What is your opinion of Authority? When I read the ingredients of the bags at Petsmart, it seemed to have the best top 5 ingredients compared to most. I'm open to any suggestions, I'll admit that I'm new to this with a Shepherd and am willing to learn. 

Here is a site listing information: Authority Dog Food - Ingredients and Nutritional Information

Thank you so much for any advice you can spare.


----------



## georgiapeach717 (Jan 28, 2010)

i am not familiar with it, but isnt it made by the same company as diamond?
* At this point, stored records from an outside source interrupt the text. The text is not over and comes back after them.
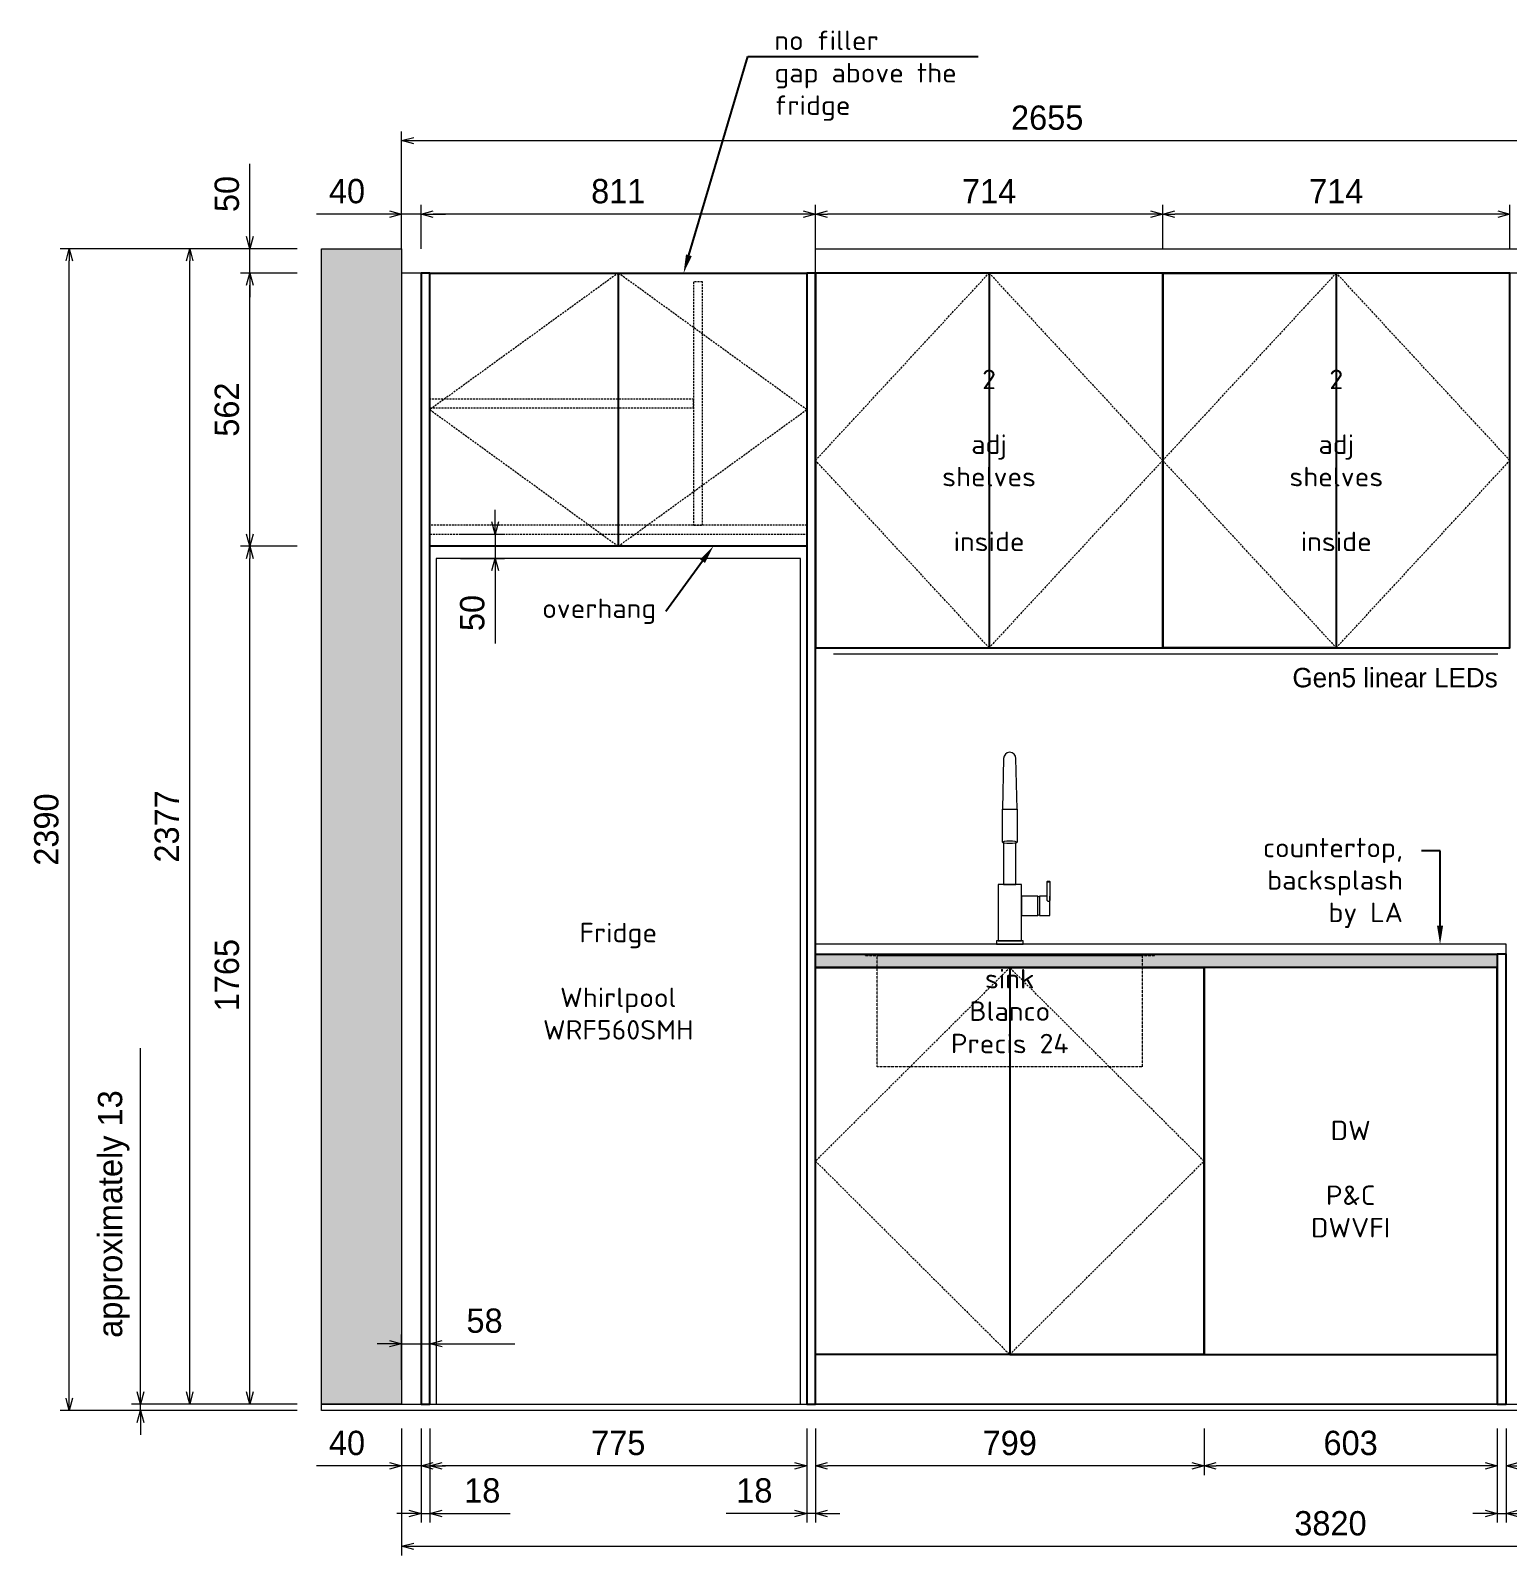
# Model space of a CAD drawing. Header units: millimetres. Extents: x 317748 to 451058, y -7309 to 88509.
# Drawn here: x 340132 to 343169, y -4153 to -1015 of the extents above; entities that cross this region are included whole.
import ezdxf
from ezdxf import colors
from ezdxf.entities.mleader import LeaderData, LeaderLine
from ezdxf.math import Vec2, Vec3

# ---------------------------------------------------------------- set-up
doc = ezdxf.new("R2010")
doc.units = ezdxf.units.MM
doc.header["$LTSCALE"] = 2
doc.header["$MEASUREMENT"] = 0
doc.header["$PDMODE"] = 3
doc.linetypes.add('DASHEDX2', pattern=[1.5, 1, -0.5])
doc.linetypes.add('HIDDEN2', pattern=[0.1875, 0.125, -0.0625])
doc.layers.get('0').update_dxf_attribs({"lineweight": 30})
doc.layers.get('Defpoints').update_dxf_attribs({"color": 255, "lineweight": 0})
for name, color, linetype, lineweight in [('1', 10, 'Continuous', 18), ('Appliance', 4, 'Continuous', 20), ('Appliances', 4, 'Continuous', 13), ('Cabinets', 7, 'Continuous', 25), ('Dims', 4, 'Continuous', 20), ('Hatch_grey', 253, 'Continuous', 5), ('KK + Filler', 252, 'Continuous', 18), ('Line_Hdn_Blu', 4, 'HIDDEN2', 5), ('Line_Hidden', 8, 'DASHEDX2', 15)]:
    doc.layers.add(name, color=color, linetype=linetype, lineweight=lineweight)
doc.styles.add('AGS', font='ags.shx')
doc.styles.add('style1', font='simplex.shx')
doc.dimstyles.new('mm LG 30', dxfattribs={"dimtxt": 50, "dimasz": 25, "dimexe": 19, "dimexo": 50, "dimgap": 22, "dimtad": 1, "dimdec": 0, "dimdsep": 46, "dimtxsty": 'AGS', "dimblk": 'OPEN30', "dimcen": 2, "dimclrd": 256, "dimclre": 256, "dimclrt": 256, "dimadec": 0, "dimazin": 0, "dimtm": 1e-09, "dimtfac": 1, "dimtdec": 0, "dimtmove": 0, "dimatfit": 3, "dimldrblk": 'OPEN30', "dimfxl": 1, "dimtolj": 1, "dimlwd": -1, "dimlwe": -1, "dimarcsym": 0})

# ---------------------------------------------------------------- blocks, each defined once
blk = doc.blocks.new('_Open30')
at = {"color": 0, "linetype": 'ByBlock', "lineweight": -2}
for p, q in [((-1, 0.27), (0, 0)), ((0, 0), (-1, -0.27)), ((0, 0), (-1, 0))]:
    blk.add_line(p, q, dxfattribs=at)
blk = doc.blocks.new('*D263')
at = {"layer": 'Defpoints', "color": 0, "ltscale": 2, "transparency": 16777216}
for p in [(343166, -3841.3), (343937, -3841.3), (343937, -3968.5)]:
    blk.add_point(p, dxfattribs=at)
at = {"layer": 'Dims', "ltscale": 2, "transparency": 16777216}
for p, q in [((343166, -3891.3), (343166, -3987.5)), ((343937, -3891.3), (343937, -3987.5)), ((343191, -3968.5), (343912, -3968.5))]:
    blk.add_line(p, q, dxfattribs=at)
at = {"layer": 'Dims', "ltscale": 2, "transparency": 16777216, "xscale": 25, "yscale": 25, "zscale": 25, "rotation": 180}
blk.add_blockref('_Open30', (343166, -3968.5), dxfattribs=at)
at = {"layer": 'Dims', "ltscale": 2, "transparency": 16777216, "xscale": 25, "yscale": 25, "zscale": 25}
blk.add_blockref('_Open30', (343937, -3968.5), dxfattribs=at)
at = {"layer": 'Dims', "ltscale": 2, "transparency": 16777216, "insert": (343551.5, -3921.5), "char_height": 50, "attachment_point": 5, "style": 'AGS'}
blk.add_mtext('\\A1;771', dxfattribs=at)
blk = doc.blocks.new('*D244')
at = {"layer": 'Defpoints', "color": 0, "ltscale": 2, "transparency": 16777216}
for p in [(342545, -3841.3), (343148, -3841.3), (342545, -3968.5)]:
    blk.add_point(p, dxfattribs=at)
at = {"layer": 'Dims', "ltscale": 2, "transparency": 16777216}
for p, q in [((342545, -3891.3), (342545, -3987.5)), ((343148, -3891.3), (343148, -3987.5)), ((343123, -3968.5), (342570, -3968.5))]:
    blk.add_line(p, q, dxfattribs=at)
at = {"layer": 'Dims', "ltscale": 2, "transparency": 16777216, "xscale": 25, "yscale": 25, "zscale": 25, "rotation": 180}
blk.add_blockref('_Open30', (342545, -3968.5), dxfattribs=at)
at = {"layer": 'Dims', "ltscale": 2, "transparency": 16777216, "xscale": 25, "yscale": 25, "zscale": 25}
blk.add_blockref('_Open30', (343148, -3968.5), dxfattribs=at)
at = {"layer": 'Dims', "ltscale": 2, "transparency": 16777216, "insert": (342846.5, -3921.5), "char_height": 50, "attachment_point": 5, "style": 'AGS'}
blk.add_mtext('\\A1;603', dxfattribs=at)
blk = doc.blocks.new('*D245')
at = {"layer": 'Defpoints', "color": 0, "ltscale": 2, "transparency": 16777216}
for p in [(341746, -3841.3), (342545, -3841.3), (341746, -3968.5)]:
    blk.add_point(p, dxfattribs=at)
at = {"layer": 'Dims', "ltscale": 2, "transparency": 16777216}
for p, q in [((341746, -3891.3), (341746, -3987.5)), ((342545, -3891.3), (342545, -3987.5)), ((342520, -3968.5), (341771, -3968.5))]:
    blk.add_line(p, q, dxfattribs=at)
at = {"layer": 'Dims', "ltscale": 2, "transparency": 16777216, "xscale": 25, "yscale": 25, "zscale": 25, "rotation": 180}
blk.add_blockref('_Open30', (341746, -3968.5), dxfattribs=at)
at = {"layer": 'Dims', "ltscale": 2, "transparency": 16777216, "xscale": 25, "yscale": 25, "zscale": 25}
blk.add_blockref('_Open30', (342545, -3968.5), dxfattribs=at)
at = {"layer": 'Dims', "ltscale": 2, "transparency": 16777216, "insert": (342145.5, -3921.5), "char_height": 50, "attachment_point": 5, "style": 'AGS'}
blk.add_mtext('\\A1;799', dxfattribs=at)
blk = doc.blocks.new('*D224')
at = {"layer": 'Defpoints', "color": 0, "ltscale": 2, "transparency": 16777216}
for p in [(343148, -3841.3), (343166, -3841.3), (343166, -4066.2)]:
    blk.add_point(p, dxfattribs=at)
at = {"layer": 'Dims', "ltscale": 2, "transparency": 16777216}
for p, q in [((343148, -3891.3), (343148, -4085.2)), ((343166, -3891.3), (343166, -4085.2)), ((343123, -4066.2), (343098, -4066.2)), ((343148, -4066.2), (343166, -4066.2)), ((343191, -4066.2), (343331.5, -4066.2))]:
    blk.add_line(p, q, dxfattribs=at)
at = {"layer": 'Dims', "ltscale": 2, "transparency": 16777216, "xscale": 25, "yscale": 25, "zscale": 25}
blk.add_blockref('_Open30', (343148, -4066.2), dxfattribs=at)
at = {"layer": 'Dims', "ltscale": 2, "transparency": 16777216, "xscale": 25, "yscale": 25, "zscale": 25, "rotation": 180}
blk.add_blockref('_Open30', (343166, -4066.2), dxfattribs=at)
at = {"layer": 'Dims', "ltscale": 2, "transparency": 16777216, "insert": (343273.8, -4019.2), "char_height": 50, "attachment_point": 5, "style": 'AGS'}
blk.add_mtext('\\A1;18', dxfattribs=at)
blk = doc.blocks.new('*D247')
at = {"layer": 'Defpoints', "color": 0, "ltscale": 2, "transparency": 16777216}
for p in [(340953, -3841.3), (341728, -3841.3), (340953, -3968.5)]:
    blk.add_point(p, dxfattribs=at)
at = {"layer": 'Dims', "ltscale": 2, "transparency": 16777216}
for p, q in [((340953, -3891.3), (340953, -3987.5)), ((341728, -3891.3), (341728, -3987.5)), ((341703, -3968.5), (340978, -3968.5))]:
    blk.add_line(p, q, dxfattribs=at)
at = {"layer": 'Dims', "ltscale": 2, "transparency": 16777216, "xscale": 25, "yscale": 25, "zscale": 25, "rotation": 180}
blk.add_blockref('_Open30', (340953, -3968.5), dxfattribs=at)
at = {"layer": 'Dims', "ltscale": 2, "transparency": 16777216, "xscale": 25, "yscale": 25, "zscale": 25}
blk.add_blockref('_Open30', (341728, -3968.5), dxfattribs=at)
at = {"layer": 'Dims', "ltscale": 2, "transparency": 16777216, "insert": (341340.5, -3921.5), "char_height": 50, "attachment_point": 5, "style": 'AGS'}
blk.add_mtext('\\A1;775', dxfattribs=at)
blk = doc.blocks.new('*D225')
at = {"layer": 'Defpoints', "color": 0, "ltscale": 2, "transparency": 16777216}
for p in [(341728, -3841.3), (341746, -3841.3), (341728, -4066.2)]:
    blk.add_point(p, dxfattribs=at)
at = {"layer": 'Dims', "ltscale": 2, "transparency": 16777216}
for p, q in [((341728, -3891.3), (341728, -4085.2)), ((341746, -3891.3), (341746, -4085.2)), ((341703, -4066.2), (341562.6, -4066.2)), ((341746, -4066.2), (341728, -4066.2)), ((341771, -4066.2), (341796, -4066.2))]:
    blk.add_line(p, q, dxfattribs=at)
at = {"layer": 'Dims', "ltscale": 2, "transparency": 16777216, "xscale": 25, "yscale": 25, "zscale": 25}
blk.add_blockref('_Open30', (341728, -4066.2), dxfattribs=at)
at = {"layer": 'Dims', "ltscale": 2, "transparency": 16777216, "xscale": 25, "yscale": 25, "zscale": 25, "rotation": 180}
blk.add_blockref('_Open30', (341746, -4066.2), dxfattribs=at)
at = {"layer": 'Dims', "ltscale": 2, "transparency": 16777216, "insert": (341620.3, -4019.2), "char_height": 50, "attachment_point": 5, "style": 'AGS'}
blk.add_mtext('\\A1;18', dxfattribs=at)
blk = doc.blocks.new('*D248')
at = {"layer": 'Defpoints', "color": 0, "ltscale": 2, "transparency": 16777216}
for p in [(340935, -3841.3), (340953, -3841.3), (340953, -4066.2)]:
    blk.add_point(p, dxfattribs=at)
at = {"layer": 'Dims', "ltscale": 2, "transparency": 16777216}
for p, q in [((340935, -3891.3), (340935, -4085.2)), ((340953, -3891.3), (340953, -4085.2)), ((340910, -4066.2), (340885, -4066.2)), ((340935, -4066.2), (340953, -4066.2)), ((340978, -4066.2), (341118.5, -4066.2))]:
    blk.add_line(p, q, dxfattribs=at)
at = {"layer": 'Dims', "ltscale": 2, "transparency": 16777216, "xscale": 25, "yscale": 25, "zscale": 25}
blk.add_blockref('_Open30', (340935, -4066.2), dxfattribs=at)
at = {"layer": 'Dims', "ltscale": 2, "transparency": 16777216, "xscale": 25, "yscale": 25, "zscale": 25, "rotation": 180}
blk.add_blockref('_Open30', (340953, -4066.2), dxfattribs=at)
at = {"layer": 'Dims', "ltscale": 2, "transparency": 16777216, "insert": (341060.8, -4019.2), "char_height": 50, "attachment_point": 5, "style": 'AGS'}
blk.add_mtext('\\A1;18', dxfattribs=at)
blk = doc.blocks.new('*D249')
at = {"layer": 'Defpoints', "color": 0, "ltscale": 2, "transparency": 16777216}
for p in [(340895, -3841.3), (340935, -3841.3), (340895, -3968.5)]:
    blk.add_point(p, dxfattribs=at)
at = {"layer": 'Dims', "ltscale": 2, "transparency": 16777216}
for p, q in [((340895, -3891.3), (340895, -3987.5)), ((340935, -3891.3), (340935, -3987.5)), ((340870, -3968.5), (340720.1, -3968.5)), ((340935, -3968.5), (340895, -3968.5)), ((340960, -3968.5), (340985, -3968.5))]:
    blk.add_line(p, q, dxfattribs=at)
at = {"layer": 'Dims', "ltscale": 2, "transparency": 16777216, "xscale": 25, "yscale": 25, "zscale": 25}
blk.add_blockref('_Open30', (340895, -3968.5), dxfattribs=at)
at = {"layer": 'Dims', "ltscale": 2, "transparency": 16777216, "xscale": 25, "yscale": 25, "zscale": 25, "rotation": 180}
blk.add_blockref('_Open30', (340935, -3968.5), dxfattribs=at)
at = {"layer": 'Dims', "ltscale": 2, "transparency": 16777216, "insert": (340782.6, -3921.5), "char_height": 50, "attachment_point": 5, "style": 'AGS'}
blk.add_mtext('\\A1;40', dxfattribs=at)
blk = doc.blocks.new('*D226')
at = {"layer": 'Defpoints', "color": 0, "ltscale": 2, "transparency": 16777216}
for p in [(340895, -3841.3), (344715, -3841.3), (344715, -4133.8)]:
    blk.add_point(p, dxfattribs=at)
at = {"layer": 'Dims', "ltscale": 2, "transparency": 16777216}
for p, q in [((340895, -3891.3), (340895, -4152.8)), ((344715, -3891.3), (344715, -4152.8)), ((340920, -4133.8), (344690, -4133.8))]:
    blk.add_line(p, q, dxfattribs=at)
at = {"layer": 'Dims', "ltscale": 2, "transparency": 16777216, "xscale": 25, "yscale": 25, "zscale": 25, "rotation": 180}
blk.add_blockref('_Open30', (340895, -4133.8), dxfattribs=at)
at = {"layer": 'Dims', "ltscale": 2, "transparency": 16777216, "xscale": 25, "yscale": 25, "zscale": 25}
blk.add_blockref('_Open30', (344715, -4133.8), dxfattribs=at)
at = {"layer": 'Dims', "ltscale": 2, "transparency": 16777216, "insert": (342805, -4086.8), "char_height": 50, "attachment_point": 5, "style": 'AGS'}
blk.add_mtext('\\A1;3820', dxfattribs=at)
blk = doc.blocks.new('*D251')
at = {"layer": 'Defpoints', "color": 0, "ltscale": 2, "transparency": 16777216}
for p in [(342460, -1393.2), (342460, -1514.3), (343174, -1514.3)]:
    blk.add_point(p, dxfattribs=at)
at = {"layer": 'Dims', "ltscale": 2, "transparency": 16777216}
for p, q in [((342460, -1464.3), (342460, -1374.2)), ((343174, -1464.3), (343174, -1374.2)), ((343149, -1393.2), (342485, -1393.2))]:
    blk.add_line(p, q, dxfattribs=at)
at = {"layer": 'Dims', "ltscale": 2, "transparency": 16777216, "xscale": 25, "yscale": 25, "zscale": 25, "rotation": 180}
blk.add_blockref('_Open30', (342460, -1393.2), dxfattribs=at)
at = {"layer": 'Dims', "ltscale": 2, "transparency": 16777216, "xscale": 25, "yscale": 25, "zscale": 25}
blk.add_blockref('_Open30', (343174, -1393.2), dxfattribs=at)
at = {"layer": 'Dims', "ltscale": 2, "transparency": 16777216, "insert": (342817, -1346.2), "char_height": 50, "attachment_point": 5, "style": 'AGS'}
blk.add_mtext('\\A1;714', dxfattribs=at)
blk = doc.blocks.new('*D252')
at = {"layer": 'Defpoints', "color": 0, "ltscale": 2, "transparency": 16777216}
for p in [(341746, -1393.2), (341746, -1514.3), (342460, -1514.3)]:
    blk.add_point(p, dxfattribs=at)
at = {"layer": 'Dims', "ltscale": 2, "transparency": 16777216}
for p, q in [((341746, -1464.3), (341746, -1374.2)), ((342460, -1464.3), (342460, -1374.2)), ((342435, -1393.2), (341771, -1393.2))]:
    blk.add_line(p, q, dxfattribs=at)
at = {"layer": 'Dims', "ltscale": 2, "transparency": 16777216, "xscale": 25, "yscale": 25, "zscale": 25, "rotation": 180}
blk.add_blockref('_Open30', (341746, -1393.2), dxfattribs=at)
at = {"layer": 'Dims', "ltscale": 2, "transparency": 16777216, "xscale": 25, "yscale": 25, "zscale": 25}
blk.add_blockref('_Open30', (342460, -1393.2), dxfattribs=at)
at = {"layer": 'Dims', "ltscale": 2, "transparency": 16777216, "insert": (342103, -1346.2), "char_height": 50, "attachment_point": 5, "style": 'AGS'}
blk.add_mtext('\\A1;714', dxfattribs=at)
blk = doc.blocks.new('*D253')
at = {"layer": 'Defpoints', "color": 0, "ltscale": 2, "transparency": 16777216}
for p in [(340935, -1393.2), (340935, -1514.3), (341746, -1514.3)]:
    blk.add_point(p, dxfattribs=at)
at = {"layer": 'Dims', "ltscale": 2, "transparency": 16777216}
for p, q in [((340935, -1464.3), (340935, -1374.2)), ((341746, -1464.3), (341746, -1374.2)), ((341721, -1393.2), (340960, -1393.2))]:
    blk.add_line(p, q, dxfattribs=at)
at = {"layer": 'Dims', "ltscale": 2, "transparency": 16777216, "xscale": 25, "yscale": 25, "zscale": 25, "rotation": 180}
blk.add_blockref('_Open30', (340935, -1393.2), dxfattribs=at)
at = {"layer": 'Dims', "ltscale": 2, "transparency": 16777216, "xscale": 25, "yscale": 25, "zscale": 25}
blk.add_blockref('_Open30', (341746, -1393.2), dxfattribs=at)
at = {"layer": 'Dims', "ltscale": 2, "transparency": 16777216, "insert": (341340.5, -1346.2), "char_height": 50, "attachment_point": 5, "style": 'AGS'}
blk.add_mtext('\\A1;811', dxfattribs=at)
blk = doc.blocks.new('*D254')
at = {"layer": 'Defpoints', "color": 0, "ltscale": 2, "transparency": 16777216}
for p in [(340895, -1393.2), (340895, -1514.3), (340935, -1514.3)]:
    blk.add_point(p, dxfattribs=at)
at = {"layer": 'Dims', "ltscale": 2, "transparency": 16777216}
for p, q in [((340895, -1464.3), (340895, -1374.2)), ((340935, -1464.3), (340935, -1374.2)), ((340870, -1393.2), (340720.1, -1393.2)), ((340935, -1393.2), (340895, -1393.2)), ((340960, -1393.2), (340985, -1393.2))]:
    blk.add_line(p, q, dxfattribs=at)
at = {"layer": 'Dims', "ltscale": 2, "transparency": 16777216, "xscale": 25, "yscale": 25, "zscale": 25}
blk.add_blockref('_Open30', (340895, -1393.2), dxfattribs=at)
at = {"layer": 'Dims', "ltscale": 2, "transparency": 16777216, "xscale": 25, "yscale": 25, "zscale": 25, "rotation": 180}
blk.add_blockref('_Open30', (340935, -1393.2), dxfattribs=at)
at = {"layer": 'Dims', "ltscale": 2, "transparency": 16777216, "insert": (340782.6, -1346.2), "char_height": 50, "attachment_point": 5, "style": 'AGS'}
blk.add_mtext('\\A1;40', dxfattribs=at)
blk = doc.blocks.new('*D255')
at = {"layer": 'Defpoints', "color": 0, "ltscale": 2, "transparency": 16777216}
for p in [(340582.8, -2076.3), (340730, -2076.3), (340730, -3841.3)]:
    blk.add_point(p, dxfattribs=at)
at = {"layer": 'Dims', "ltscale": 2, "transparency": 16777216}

Have you considered something more rich like Orijen, TOTW, Innova LBP, Or Eagle Pack Hollistic Select or another higher grade food? Do you have any feed stores locally?

I have been through a ton of food issues with my guy and now have him on Innova LBP kibble with 1/4 can EVO 2 times a day and finally have hit paydirt!

Also give her a tablespoon of unspiced canned punpkin 2 times a day to help her belly.


----------



## StGeorgeK9 (Jan 5, 2008)

I dont like to feed anything with corn, but I know some dogs have no problem with it. For puppies I like Orijen, or Wellness.


----------



## roxy84 (Jun 23, 2007)

first, have you taken a fecal sample to the vet to see if something else is going on.

almost 6 cups of dog food seem awfully excessive. it would indicate to me either there may be a health issue or for some reason your dog is not absorbing much nutrition from this food.

id say there are quite a few dog foods, even at petco or petsmart, that would be better than authority-examples: innova large breed puppy (maybe those stores dont carry this), wellness super 5 large breed puppy (petco), solid gold wolf cub (petco), Blue Buffalo large breed puppy (petsmart) to name a few. if you wanted to go grain free, the only thing id reccomend is Orijen Puppy Large.

and yes, pictures are always helpful in attempting to assess if your dog is too lean, plump, etc,....preferably pics from right above her looking down and pics from the side in good lighting.


----------



## MisfitFarm (Dec 27, 2009)

Thanks for the replies. 

As for the 6 cups- It does sound like too much, but she was eating it well, poop looked good, and she was still slender, so I figured at that point her growing matched the need. However, I think now something has shifted and/or slowed down. 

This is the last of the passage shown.